A flexible model for training action localization with varying levels of supervision
This work addresses the scalability issue in video action localization for researchers and practitioners by enabling training with less tedious annotation, though it is incremental as it builds on existing weak supervision methods.
The authors tackled the problem of reducing manual annotation effort in spatio-temporal action detection by proposing a flexible framework that integrates varying levels of weak supervision, such as video-level labels, achieving competitive performance on UCF101-24 and DALY datasets with significantly less supervision than previous methods.
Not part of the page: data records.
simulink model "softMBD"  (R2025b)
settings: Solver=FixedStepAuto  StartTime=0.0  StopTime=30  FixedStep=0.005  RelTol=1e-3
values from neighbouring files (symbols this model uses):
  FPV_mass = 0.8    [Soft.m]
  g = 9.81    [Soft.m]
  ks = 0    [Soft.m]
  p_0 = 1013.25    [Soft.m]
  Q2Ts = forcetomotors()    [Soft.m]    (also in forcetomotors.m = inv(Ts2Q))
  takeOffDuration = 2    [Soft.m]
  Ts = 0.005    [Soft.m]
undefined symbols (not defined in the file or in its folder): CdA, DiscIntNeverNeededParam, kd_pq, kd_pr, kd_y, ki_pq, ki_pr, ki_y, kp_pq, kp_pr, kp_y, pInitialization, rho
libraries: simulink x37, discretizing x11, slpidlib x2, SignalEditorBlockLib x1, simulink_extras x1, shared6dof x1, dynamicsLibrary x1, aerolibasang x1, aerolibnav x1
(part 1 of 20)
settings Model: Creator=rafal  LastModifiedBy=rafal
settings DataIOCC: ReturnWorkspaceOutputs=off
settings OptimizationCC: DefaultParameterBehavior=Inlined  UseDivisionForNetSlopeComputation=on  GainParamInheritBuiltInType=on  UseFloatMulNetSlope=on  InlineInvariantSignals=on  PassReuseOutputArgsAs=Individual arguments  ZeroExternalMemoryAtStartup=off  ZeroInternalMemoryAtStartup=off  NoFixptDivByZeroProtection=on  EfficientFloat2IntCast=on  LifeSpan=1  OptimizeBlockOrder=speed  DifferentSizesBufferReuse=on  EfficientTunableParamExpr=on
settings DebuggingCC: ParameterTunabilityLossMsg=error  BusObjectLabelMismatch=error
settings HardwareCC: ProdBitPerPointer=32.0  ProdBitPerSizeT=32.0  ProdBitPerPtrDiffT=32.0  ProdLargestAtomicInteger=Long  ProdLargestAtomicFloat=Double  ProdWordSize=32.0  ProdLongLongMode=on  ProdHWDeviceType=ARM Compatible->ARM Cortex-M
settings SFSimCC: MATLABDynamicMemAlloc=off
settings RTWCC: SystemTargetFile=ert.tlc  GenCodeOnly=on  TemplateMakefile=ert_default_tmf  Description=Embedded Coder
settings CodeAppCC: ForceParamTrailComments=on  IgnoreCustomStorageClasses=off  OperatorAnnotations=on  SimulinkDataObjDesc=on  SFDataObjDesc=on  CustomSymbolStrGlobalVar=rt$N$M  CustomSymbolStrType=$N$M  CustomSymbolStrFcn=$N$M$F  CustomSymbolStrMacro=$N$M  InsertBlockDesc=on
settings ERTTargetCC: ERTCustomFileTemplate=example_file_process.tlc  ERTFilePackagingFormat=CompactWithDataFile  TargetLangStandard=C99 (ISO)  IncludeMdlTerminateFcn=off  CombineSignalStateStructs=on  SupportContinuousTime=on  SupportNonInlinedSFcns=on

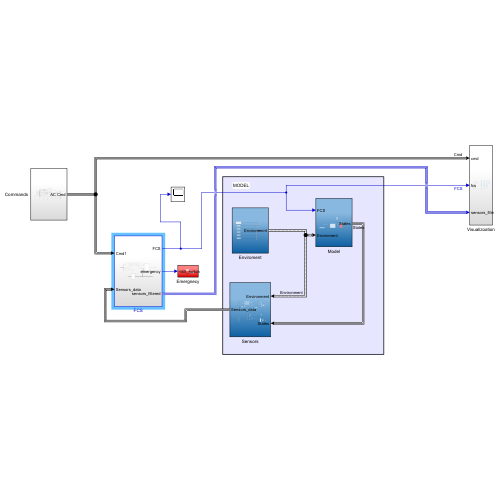
[thumbnail: Simulink's stored preview of the top-level diagram]
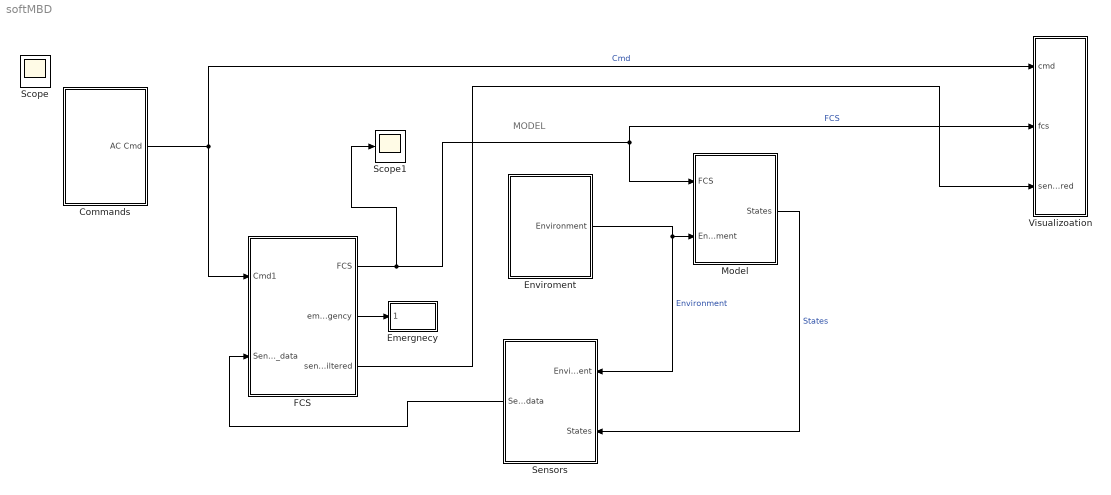
== system softMBD ==
  note: MODEL
  Commands : Subsystem
  Emergnecy : Subsystem
  Enviroment : Subsystem
  FCS : Subsystem
  Model : Subsystem
  Scope1 : Scope
      settings: ActiveDisplayYMinimum=-145.65311813354487  ActiveDisplayYMaximum=2290.6281242370605
  Sensors : Subsystem
  Visualizoation : Subsystem
  Scope : Scope
  wires:
  Model/1(States) -> Sensors/2(States)  "States"
  Sensors/1(Sensors_data) -> FCS/2(Sensors_data)
  Commands/1(AC Cmd) -> Visualizoation/1(cmd), FCS/1(Cmd1)  "Cmd"
  FCS/1(FCS) -> Scope1/1, Visualizoation/2(fcs), Model/1(FCS)  "FCS"
  FCS/2(emergency) -> Emergnecy/1(<kill_switch>)
  Enviroment/1(Environment) -> Sensors/1(Environment), Model/2(Enviroment)  "Environment"
  FCS/3(sensors_filtered) -> Visualizoation/3(sensors_filtered)

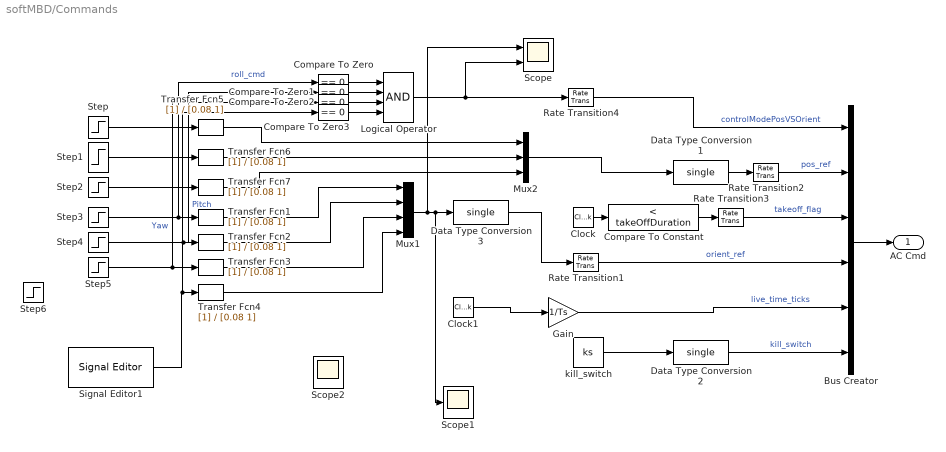
== system softMBD/Commands ==
  Bus Creator : BusCreator  Inputs=6  OutDataTypeStr=Bus: CommandBus
  Clock : DigitalClock  SampleTime=0.005
  Clock1 : DigitalClock  SampleTime=0.005
  Compare To Constant : simulink/Logic and Bit Operations/Compare To Constant  relop=<  const=takeOffDuration  OutDataTypeStr=boolean
  Compare To Zero : simulink/Logic and Bit Operations/Compare To Zero  relop===  OutDataTypeStr=uint8
  Compare To Zero1 : simulink/Logic and Bit Operations/Compare To Zero  relop===  OutDataTypeStr=uint8
  Compare To Zero2 : simulink/Logic and Bit Operations/Compare To Zero  relop===  OutDataTypeStr=boolean
  Compare To Zero3 : simulink/Logic and Bit Operations/Compare To Zero  relop===  OutDataTypeStr=boolean
  Data Type Conversion1 : DataTypeConversion  OutDataTypeStr=single  SaturateOnIntegerOverflow=off  RndMeth=Floor
  Data Type Conversion2 : DataTypeConversion  OutDataTypeStr=single  SaturateOnIntegerOverflow=off  RndMeth=Floor
  Data Type Conversion3 : DataTypeConversion  OutDataTypeStr=single  SaturateOnIntegerOverflow=off  RndMeth=Floor
  Gain : Gain  Gain=1/Ts  OutDataTypeStr=single
  Logical Operator : Logic  Inputs=4  AllPortsSameDT=off  OutDataTypeStr=boolean
  Mux1 : Mux
  Mux2 : Mux  Inputs=3
  Rate Transition{1..4} (4 alike) : RateTransition  OutPortSampleTime=Ts
  Scope : Scope  NumInputPorts=2
      settings: ActiveDisplayYMinimum=-0.12499999999999997  ActiveDisplayYMaximum=1.125  DataLoggingVariableName=ScopeData74
  Scope1 : Scope
      settings: ActiveDisplayYMinimum=-1  ActiveDisplayYMaximum=1  DataLoggingVariableName=ScopeData25
  Scope2 : Scope
      settings: ActiveDisplayYMinimum=-0.11809653934888488  ActiveDisplayYMaximum=1.0178996154832094  DataLoggingVariableName=ScopeData40
  Signal Editor1 : SignalEditorBlockLib/Signal Editor  FileName=signal-test.mat  ActiveScenario=Scenario  ActiveSignal=Signal 1  IsBus=off  OutputBusObjectStr=Bus: BusObject  SampleTime=0  ZeroCross=off  OutputAfterFinalValue=Setting to zero  Unit=inherit  PreserveSignalName=on  ApplySigPropsToAllScenarios=on  ApplySigPropsToAllSignals=off  SignalPropertySource=Dialog parameters
  Step{,1..5} (6 alike) : Step  After=0  SampleTime=0
  Step6 : Step  Time=2  Before=1  After=0  SampleTime=0
  Transfer Fcn{1..7} (7 alike) : TransferFcn  Denominator=[0.08 1]
  kill_switch : Constant  Value=ks
  AC Cmd : Outport  OutDataTypeStr=Bus: CommandBus  VectorParamsAs1DForOutWhenUnconnected=off
  wires:
  Rate Transition4/1 -> Bus Creator/1  "controlModePosVSOrient"
  Gain/1 -> Bus Creator/5  "live_time_ticks"
  Clock/1 -> Compare To Constant/1
  Step1/1 -> Transfer Fcn6/1
  Rate Transition2/1 -> Bus Creator/2  "pos_ref"
  Step2/1 -> Transfer Fcn7/1
  Mux1/1 -> Scope/1, Scope1/1, Data Type Conversion3/1
  Bus Creator/1 -> AC Cmd/1
  Compare To Constant/1 -> Rate Transition3/1
  Step4/1 -> Compare To Zero1/1, Transfer Fcn2/1  "Pitch"
  Data Type Conversion1/1 -> Rate Transition2/1
  Data Type Conversion3/1 -> Rate Transition1/1
  Step/1 -> Transfer Fcn5/1
  Mux2/1 -> Data Type Conversion1/1
  Rate Transition1/1 -> Bus Creator/4  "orient_ref"
  Step5/1 -> Compare To Zero2/1, Transfer Fcn3/1  "Yaw"
  Rate Transition3/1 -> Bus Creator/3  "takeoff_flag"
  Compare To Zero/1 -> Logical Operator/1
  Compare To Zero1/1 -> Logical Operator/2
  Compare To Zero2/1 -> Logical Operator/3
  kill_switch/1 -> Data Type Conversion2/1
  Data Type Conversion2/1 -> Bus Creator/6  "kill_switch"
  Clock1/1 -> Gain/1
  Step3/1 -> Compare To Zero/1, Transfer Fcn1/1  "roll_cmd"
  Transfer Fcn1/1 -> Mux1/1
  Transfer Fcn3/1 -> Mux1/3
  Transfer Fcn4/1 -> Mux1/4
  Transfer Fcn5/1 -> Mux2/1
  Transfer Fcn6/1 -> Mux2/2
  Transfer Fcn7/1 -> Mux2/3
  Compare To Zero3/1 -> Logical Operator/4
  Transfer Fcn2/1 -> Mux1/2
  Logical Operator/1 -> Rate Transition4/1, Scope/2
  Signal Editor1/1 -> Compare To Zero3/1, Transfer Fcn4/1

== system softMBD/Emergnecy ==
  <kill_switch> : Inport
  If : If
  Switch Case Action Subsystem : Subsystem  TreatAsAtomicUnit=on
  Terminator : Terminator
  Zero : Constant  OutDataTypeStr=Inherit: Inherit via back propagation
  wires:
  If/1 -> Switch Case Action Subsystem/Action
  If/2 -> Terminator/1
  Switch Case Action Subsystem/1(emergency) -> ?
  Zero/1 -> Switch Case Action Subsystem/1(In1)
  <kill_switch>/1 -> If/1

== system softMBD/Enviroment ==
  Air Density : Constant  Value=1.225  OutDataTypeStr=single
  Air Temp : Constant  Value=288  OutDataTypeStr=single
  Bus Creator : BusCreator  Inputs=6  OutDataTypeStr=Bus: AtmosphereBus  NonVirtualBus=on
  Gravity : Constant  Value=[0 0 9.81]  OutDataTypeStr=single
  Magnetic Field : Constant  Value=[0 0 0]  OutDataTypeStr=single
  Pressure : Constant  Value=1013.25  OutDataTypeStr=single
  Speed of Sound : Constant  Value=340  OutDataTypeStr=single
  Environment : Outport  VectorParamsAs1DForOutWhenUnconnected=off
  wires:
  Magnetic Field/1 -> Bus Creator/6  "MagneticField_ned"
  Air Density/1 -> Bus Creator/5  "air_density"
  Air Temp/1 -> Bus Creator/2  "air_temp"
  Gravity/1 -> Bus Creator/1  "Gravity_ned"
  Speed of Sound/1 -> Bus Creator/3  "speed_sound"
  Bus Creator/1 -> Environment/1
  Pressure/1 -> Bus Creator/4  "pressure"

== system softMBD/FCS ==
  Cmd1 : Inport
  Sensors_data : Inport  Port=2
  Bus Selector : BusSelector  OutputSignals=controlModePosVSOrient,orient_ref,takeoff_flag,pos_ref,kill_switch
  Controller : Subsystem
  filters : Subsystem
  value scaling : Subsystem
  FCS : Outport
  emergency : Outport  Port=2
  sensors_filtered : Outport  Port=3
  wires:
  Cmd1/1 -> Bus Selector/1
  Controller/1(FCS) -> FCS/1
  Bus Selector/1 -> Controller/1(In1)  "<controlModePosVSOrient>"
  Bus Selector/3 -> Controller/3(In3)  "<takeoff_flag>"
  Bus Selector/4 -> Controller/4(In4)  "<pos_ref>"
  Sensors_data/1 -> filters/1(Sensors_data)
  filters/1(Sensors_filtered) -> sensors_filtered/1, Controller/5(Sensors_filtered)  "sensors_filtered"
  Bus Selector/5 -> emergency/1  "<kill_switch>"
  Bus Selector/2 -> value scaling/1(<orient_ref>)  "<orient_ref>"
  value scaling/1(Out1) -> Controller/2(In2)

== system softMBD/Model ==
  FCS : Inport
  Enviroment : Inport  Port=2
  6DOF (Quaternion)1 : shared6dof/6DOF (Euler Angles)  units=Metric (MKS)  mtype=Fixed  rep=Euler Angles  xme_0=[0 0 0]  Vm_0=[0 0 0]  eul_0=[0 0 0]  pm_0=[0 0 0]  mass_0=FPV_mass  mass_e=0.5  mass_f=2.0  inertia=diag([0.003, 0.003, 0.005])  inertia_e=eye(3)  inertia_f=2*eye(3)  k_quat=Vehicle.SixDOF.quatGain  vre_flag=on  abi_flag=on  aMode=aMode  xme_statename=''  Vm_statename=''  eul_statename=''  quat_statename=''  pm_statename=''  mass_statename=''
  Abs : Abs  SaturateOnIntegerOverflow=off
  Add : Sum  Inputs=+++
  Bias : Bias  Bias=-48  SaturateOnIntegerOverflow=off
  Bias1 : Bias  Bias=200  SaturateOnIntegerOverflow=off
  Bus Creator : BusCreator  Inputs=8
  Bus Selector : BusSelector  OutputSignals=air_density
  Constant : Constant  Value=630*[1 1 1 1]  VectorParams1D=off
  Constant2 : Constant  Value=FPV_mass*g*[0 0 1]
  Data Type Conversion2 : DataTypeConversion  OutDataTypeStr=double  SaturateOnIntegerOverflow=off  RndMeth=Floor
  Data Type Conversion3 : DataTypeConversion  OutDataTypeStr=double  SaturateOnIntegerOverflow=off  RndMeth=Floor
  Gain : Gain  Commented=on  Gain=[1; 1; -1]
  Gain1 : Gain  Gain=(4184-200)/1999
  Gain2 : Gain  Gain=[1 -1 -1 1]
  Gain3 : Gain  Gain=-1/2*rho*CdA
  Matrix Multiply : Product  Multiplication=Matrix(*)
  Multirotor : Multirotor  armLength=0.11  radius=0.0635
  Product : Product
  Saturation : Saturate  UpperLimit=4184  LowerLimit=200
  Scope1 : Scope  NumInputPorts=3
      settings: ActiveDisplayYMinimum=-17.244801664132787  ActiveDisplayYMaximum=11.437507576273727  DataLoggingVariableName=ScopeData54
  Scope2 : Scope  NumInputPorts=2
      settings: ActiveDisplayYMinimum=-2865.3748027143724  ActiveDisplayYMaximum=2716.5327218117013  DataLoggingVariableName=ScopeData62
  Scope3 : Scope  NumInputPorts=4
      settings: ActiveDisplayYMinimum=-27.905959147776141  ActiveDisplayYMaximum=16.159289367560238  DataLoggingVariableName=ScopeData64
  Scope4 : Scope  NumInputPorts=2
      settings: ActiveDisplayYMinimum=-1  ActiveDisplayYMaximum=1  DataLoggingVariableName=ScopeData38
  Subsystem : Subsystem  Commented=on
  Terminator : Terminator
  States : Outport
  wires:
  6DOF (Quaternion)1/1 -> Scope3/1, Bus Creator/1  "V_e"
  6DOF (Quaternion)1/2 -> Scope3/4, Bus Creator/2  "x_e"
  6DOF (Quaternion)1/3 -> Bus Creator/3  "Euler"
  Bus Creator/1 -> States/1
  6DOF (Quaternion)1/4 -> Bus Creator/4  "DCM_be"
  6DOF (Quaternion)1/5 -> Abs/1, Bus Creator/5, Gain3/1  "V_b"
  6DOF (Quaternion)1/6 -> Scope3/3, Bus Creator/6  "omega_b"
  6DOF (Quaternion)1/7 -> Bus Creator/7  "Domega_b"
  6DOF (Quaternion)1/8 -> Scope3/2, Bus Creator/8  "Accel_b"
  Subsystem/1(F_xyz) -> Gain/1
  Bias/1 -> Gain1/1
  Saturation/1 -> Gain2/1
  Constant2/1 -> Add/2
  Enviroment/1 -> Bus Selector/1
  Data Type Conversion2/1 -> Multirotor/2
  Multirotor/1 -> Scope1/1, Add/3
  Bias1/1 -> Saturation/1
  Multirotor/2 -> Scope4/1, 6DOF (Quaternion)1/2
  FCS/1 -> Scope2/1, Data Type Conversion3/1
  Bus Selector/1 -> Data Type Conversion2/1  "<air_density>"
  Gain1/1 -> Bias1/1
  Data Type Conversion3/1 -> Bias/1
  Add/1 -> 6DOF (Quaternion)1/1, Scope1/2
  6DOF (Quaternion)1/9 -> Terminator/1  "Accel_b"
  Gain2/1 -> Scope2/2, Multirotor/1
  Gain3/1 -> Product/2
  Abs/1 -> Product/1
  Product/1 -> Add/1, Scope1/3

== system softMBD/Sensors ==
  note: altitude_sonar
  Environment : Inport
  States : Inport  Port=2
  Assumes takeoff was level1 : Bias  Commented=on  Bias=p_0  SaturateOnIntegerOverflow=off
  Bus Selector : BusSelector  Commented=on  OutputSignals=Accel_b,omega_b,Domega_b,DCM_be,x_e
  Bus Selector1 : BusSelector  Commented=on  OutputSignals=Gravity_ned
  Bus Selector2 : BusSelector  OutputSignals=x_e,V_e,omega_b,Accel_b
  CG location : Constant  Commented=on  Value=[0 0 0]
  Data Type Conversion1 : DataTypeConversion  Commented=on  OutDataTypeStr=single  SaturateOnIntegerOverflow=off  RndMeth=Floor
  Data Type Conversion2 : DataTypeConversion  Commented=on  OutDataTypeStr=single  SaturateOnIntegerOverflow=off  RndMeth=Floor
  Data Type Conversion3 : DataTypeConversion  Commented=on  OutDataTypeStr=single  SaturateOnIntegerOverflow=off  RndMeth=Floor
  Demux : Demux  Commented=on  Outputs=3
  Demux1 : Demux  Commented=on  Outputs=3
  Demux2 : Demux  Outputs=3
  Demux3 : Demux  Outputs=3
  Matrix Multiply : Product  Commented=on  Multiplication=Matrix(*)
  Memory : Memory  Commented=on
  Mux : Mux  Commented=on  Inputs=8
  Mux2 : Mux  Inputs=3
  Rate Transition : RateTransition  Commented=on
  Rate Transition1 : RateTransition
  Saturation : Saturate  Commented=on  UpperLimit=inf  LowerLimit=0  OutDataTypeStr=single
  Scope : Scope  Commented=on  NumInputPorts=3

Spatio-temporal action detection in videos is typically addressed in a fully-supervised setup with manual annotation of training videos required at every frame. Since such annotation is extremely tedious and prohibits scalability, there is a clear need to minimize the amount of manual supervision. In this work we propose a unifying framework that can handle and combine varying types of less-demanding weak supervision. Our model is based on discriminative clustering and integrates different types of supervision as constraints on the optimization. We investigate applications of such a model to training setups with alternative supervisory signals ranging from video-level class labels to the full per-frame annotation of action bounding boxes. Experiments on the challenging UCF101-24 and DALY datasets demonstrate competitive performance of our method at a fraction of supervision used by previous methods. The flexibility of our model enables joint learning from data with different levels of annotation. Experimental results demonstrate a significant gain by adding a few fully supervised examples to otherwise weakly labeled videos.